Code & notebooks for ML Experiments
labeled_dataset.csv contains a small labeled dataset of forum posts. The relevant columns are body and label_*, where * is a training objective such as intent. Note that condition, industry and credit have only two types of labels and could therefore be considered as a binary or multi-label prediction problem, while intent has 4 possible labels / classes, which means it could be considered as a mullti-label or multi-class objective.
- Data visualization
- Text representation strategies
- Cleaning (removing unwanted characters)
- Tokenization
- Per-word tokenization
- Character n-grams
- Vectorization
- Token histograms
- Normalized token histogram
- TF-IDF
- Random embeddings
- Pretrained embeddings (word2vec)
- Dimensionality reduction
- Models
- Decision tree
- Random forest
- Gradient boosted trees
- SVM
- Logistic regression
- 1-layer neural net
- 2-layer neural net
- 3-layer neural net
- LSTM
- BERT
- Effect of training objective
- 2-class problems: multi-label vs binary optimization
- 2+-class problems: multi-label vs multi-class optimization
- Multi-objective vs single-objective optimization of deep models
- Load in the dataset to a Jupyrer notebook or an interactive session in your editor (e.g. VSCode, Atom)

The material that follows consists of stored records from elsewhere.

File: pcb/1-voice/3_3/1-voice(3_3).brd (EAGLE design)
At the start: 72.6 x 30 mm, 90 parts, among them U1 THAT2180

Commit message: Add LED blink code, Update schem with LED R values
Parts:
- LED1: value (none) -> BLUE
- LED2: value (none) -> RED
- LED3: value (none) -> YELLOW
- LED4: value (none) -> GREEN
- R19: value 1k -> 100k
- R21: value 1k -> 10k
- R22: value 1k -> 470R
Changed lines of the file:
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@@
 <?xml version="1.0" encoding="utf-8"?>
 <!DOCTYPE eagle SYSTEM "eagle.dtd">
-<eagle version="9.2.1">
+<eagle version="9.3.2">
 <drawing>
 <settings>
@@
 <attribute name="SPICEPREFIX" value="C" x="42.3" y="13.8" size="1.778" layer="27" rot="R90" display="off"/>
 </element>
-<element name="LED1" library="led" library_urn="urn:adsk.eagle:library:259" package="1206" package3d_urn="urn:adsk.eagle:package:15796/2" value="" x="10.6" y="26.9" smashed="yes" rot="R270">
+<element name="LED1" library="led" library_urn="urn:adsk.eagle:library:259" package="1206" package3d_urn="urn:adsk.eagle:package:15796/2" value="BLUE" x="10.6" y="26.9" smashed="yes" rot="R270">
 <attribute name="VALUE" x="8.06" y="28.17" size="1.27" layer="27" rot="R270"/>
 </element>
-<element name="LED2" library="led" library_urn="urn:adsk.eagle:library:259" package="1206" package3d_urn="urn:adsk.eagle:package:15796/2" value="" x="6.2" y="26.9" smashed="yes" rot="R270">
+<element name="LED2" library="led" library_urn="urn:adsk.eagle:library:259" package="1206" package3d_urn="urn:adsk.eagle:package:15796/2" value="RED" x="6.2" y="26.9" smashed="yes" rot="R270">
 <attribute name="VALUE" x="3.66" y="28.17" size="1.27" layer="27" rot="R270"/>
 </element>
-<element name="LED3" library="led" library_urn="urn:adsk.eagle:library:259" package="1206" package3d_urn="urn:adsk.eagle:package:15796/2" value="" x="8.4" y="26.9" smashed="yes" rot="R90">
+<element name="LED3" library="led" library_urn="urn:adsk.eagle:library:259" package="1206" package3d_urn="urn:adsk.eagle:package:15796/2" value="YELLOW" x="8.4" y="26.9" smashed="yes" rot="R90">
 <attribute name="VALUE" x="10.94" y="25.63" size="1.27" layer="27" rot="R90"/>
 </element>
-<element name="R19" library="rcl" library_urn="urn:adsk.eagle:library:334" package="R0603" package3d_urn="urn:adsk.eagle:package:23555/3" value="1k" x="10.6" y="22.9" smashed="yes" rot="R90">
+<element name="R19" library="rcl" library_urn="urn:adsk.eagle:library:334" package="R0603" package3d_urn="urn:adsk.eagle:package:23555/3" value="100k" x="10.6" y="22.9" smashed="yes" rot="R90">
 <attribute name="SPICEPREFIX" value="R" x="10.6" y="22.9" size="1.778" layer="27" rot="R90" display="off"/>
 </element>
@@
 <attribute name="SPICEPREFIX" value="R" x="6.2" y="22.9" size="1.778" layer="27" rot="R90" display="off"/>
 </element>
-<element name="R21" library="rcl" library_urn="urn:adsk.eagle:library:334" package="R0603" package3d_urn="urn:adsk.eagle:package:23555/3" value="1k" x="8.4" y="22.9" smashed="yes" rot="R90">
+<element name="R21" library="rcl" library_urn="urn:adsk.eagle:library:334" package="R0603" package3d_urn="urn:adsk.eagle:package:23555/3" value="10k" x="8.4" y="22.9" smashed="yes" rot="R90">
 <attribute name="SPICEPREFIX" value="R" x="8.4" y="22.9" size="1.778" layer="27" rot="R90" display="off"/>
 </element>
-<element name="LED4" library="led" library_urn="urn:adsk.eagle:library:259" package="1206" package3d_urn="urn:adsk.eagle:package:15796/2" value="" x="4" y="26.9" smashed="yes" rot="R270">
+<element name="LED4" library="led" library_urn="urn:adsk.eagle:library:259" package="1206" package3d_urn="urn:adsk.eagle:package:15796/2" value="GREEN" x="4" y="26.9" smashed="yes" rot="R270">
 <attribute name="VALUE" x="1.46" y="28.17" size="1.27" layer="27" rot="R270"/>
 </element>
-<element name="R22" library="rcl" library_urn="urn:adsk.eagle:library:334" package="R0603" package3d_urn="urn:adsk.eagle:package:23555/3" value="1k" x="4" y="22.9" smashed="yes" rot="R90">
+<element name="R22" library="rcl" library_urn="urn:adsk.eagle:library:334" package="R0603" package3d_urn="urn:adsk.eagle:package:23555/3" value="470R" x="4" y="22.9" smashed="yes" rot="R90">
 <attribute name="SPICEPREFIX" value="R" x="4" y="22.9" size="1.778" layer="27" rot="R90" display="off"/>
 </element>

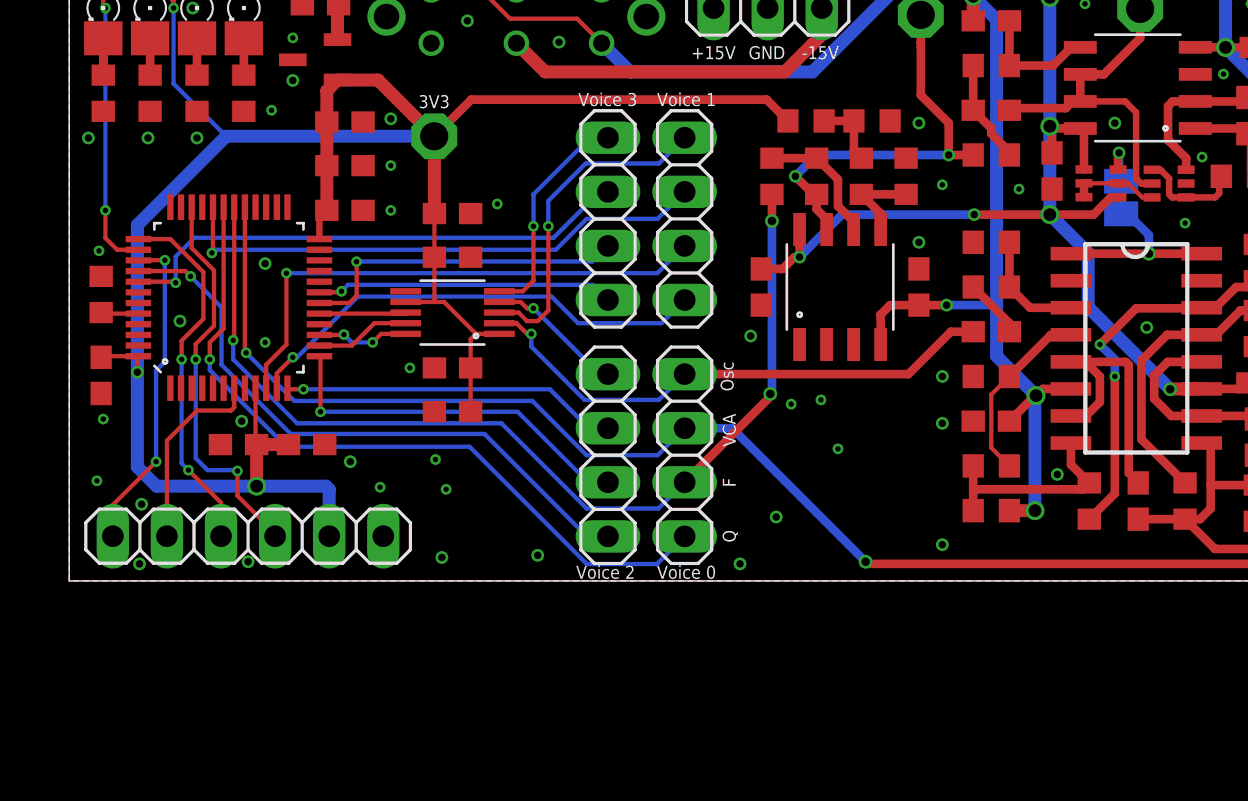
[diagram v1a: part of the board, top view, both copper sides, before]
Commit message: Found error in sch values around lin->exp converter
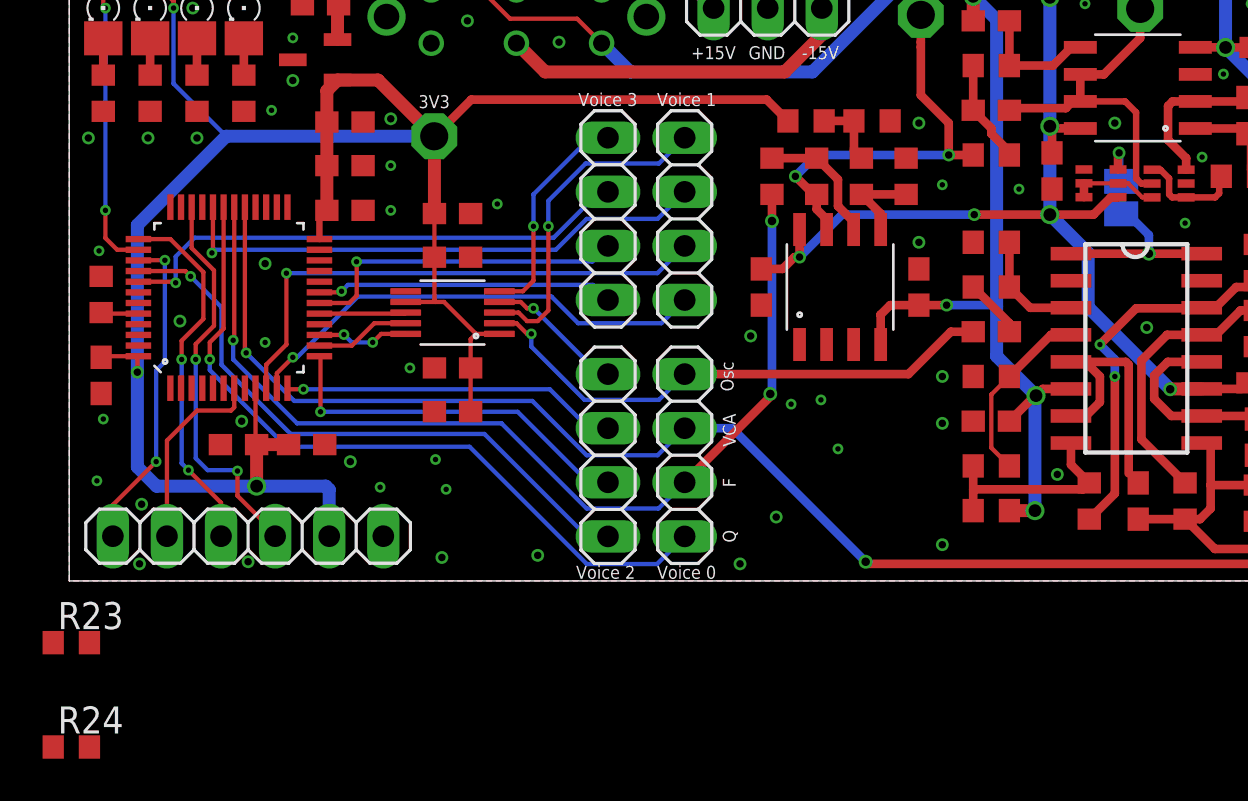
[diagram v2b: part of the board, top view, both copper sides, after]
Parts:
- added R23, R24: 1k, rcl:R0603
- C20: value 10u -> 10p
- R9: value 2.7M -> 845k
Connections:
- new net N$23: Q2.4, R23.1
- new net N$24: Q2.1, R24.1
- net +15V: now also R23.2, R24.2; no longer Q2.1, Q2.4
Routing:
- net +15V: track 139.7 -> 137.9 mm
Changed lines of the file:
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@@
 <?xml version="1.0" encoding="utf-8"?>
 <!DOCTYPE eagle SYSTEM "eagle.dtd">
-<eagle version="9.3.2">
+<eagle version="9.2.1">
 <drawing>
 <settings>
@@
 <attribute name="SPICEPREFIX" value="R" x="58.1" y="3.65" size="1.778" layer="27" rot="R270" display="off"/>
 </element>
-<element name="U$11" library="synth" package="SOIC8" value="TL072" x="52.58" y="23.15" smashed="yes" rot="R90"/>
+<element name="U$11" library="synth" package="SOIC8" value="TL072" x="52.58" y="23.15" smashed="yes" rot="R90">
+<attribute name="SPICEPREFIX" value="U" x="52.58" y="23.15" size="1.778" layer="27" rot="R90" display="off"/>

- Explore the data. Build histograms of class labels. Which training objectives have most data? Are all objectives usable?
- Experiment with different text representation techniques. Explore the result of tokenization by building histograms, etc. Explore what kinds of tokenization lead to what kind of vocabulary sizes. Try to find reasonable configurations that result in a not-too-large vocab size.
- Implement functionality to convert tokenized text to vector representations. Explore how to normalize, reduce dimensionality, and perform other transformations in this vector representation. Can you also visualize the documents in this vectorspace with e.g. t-SNE or similar approaches?
- Train and tune individual models. Selection of models is up to you. For deep learning models, I recommend using Pytorch. The most natural fit for this dataset is considering outputs as multi-label classification, but you can also experiment with multi-class and binary classification to see the comparison.
- Tune each model to the extent you feel is necessary.
- Write up your experiences and observations in a form you find most useful - Google Docs, Jupyter notebooks, markdown.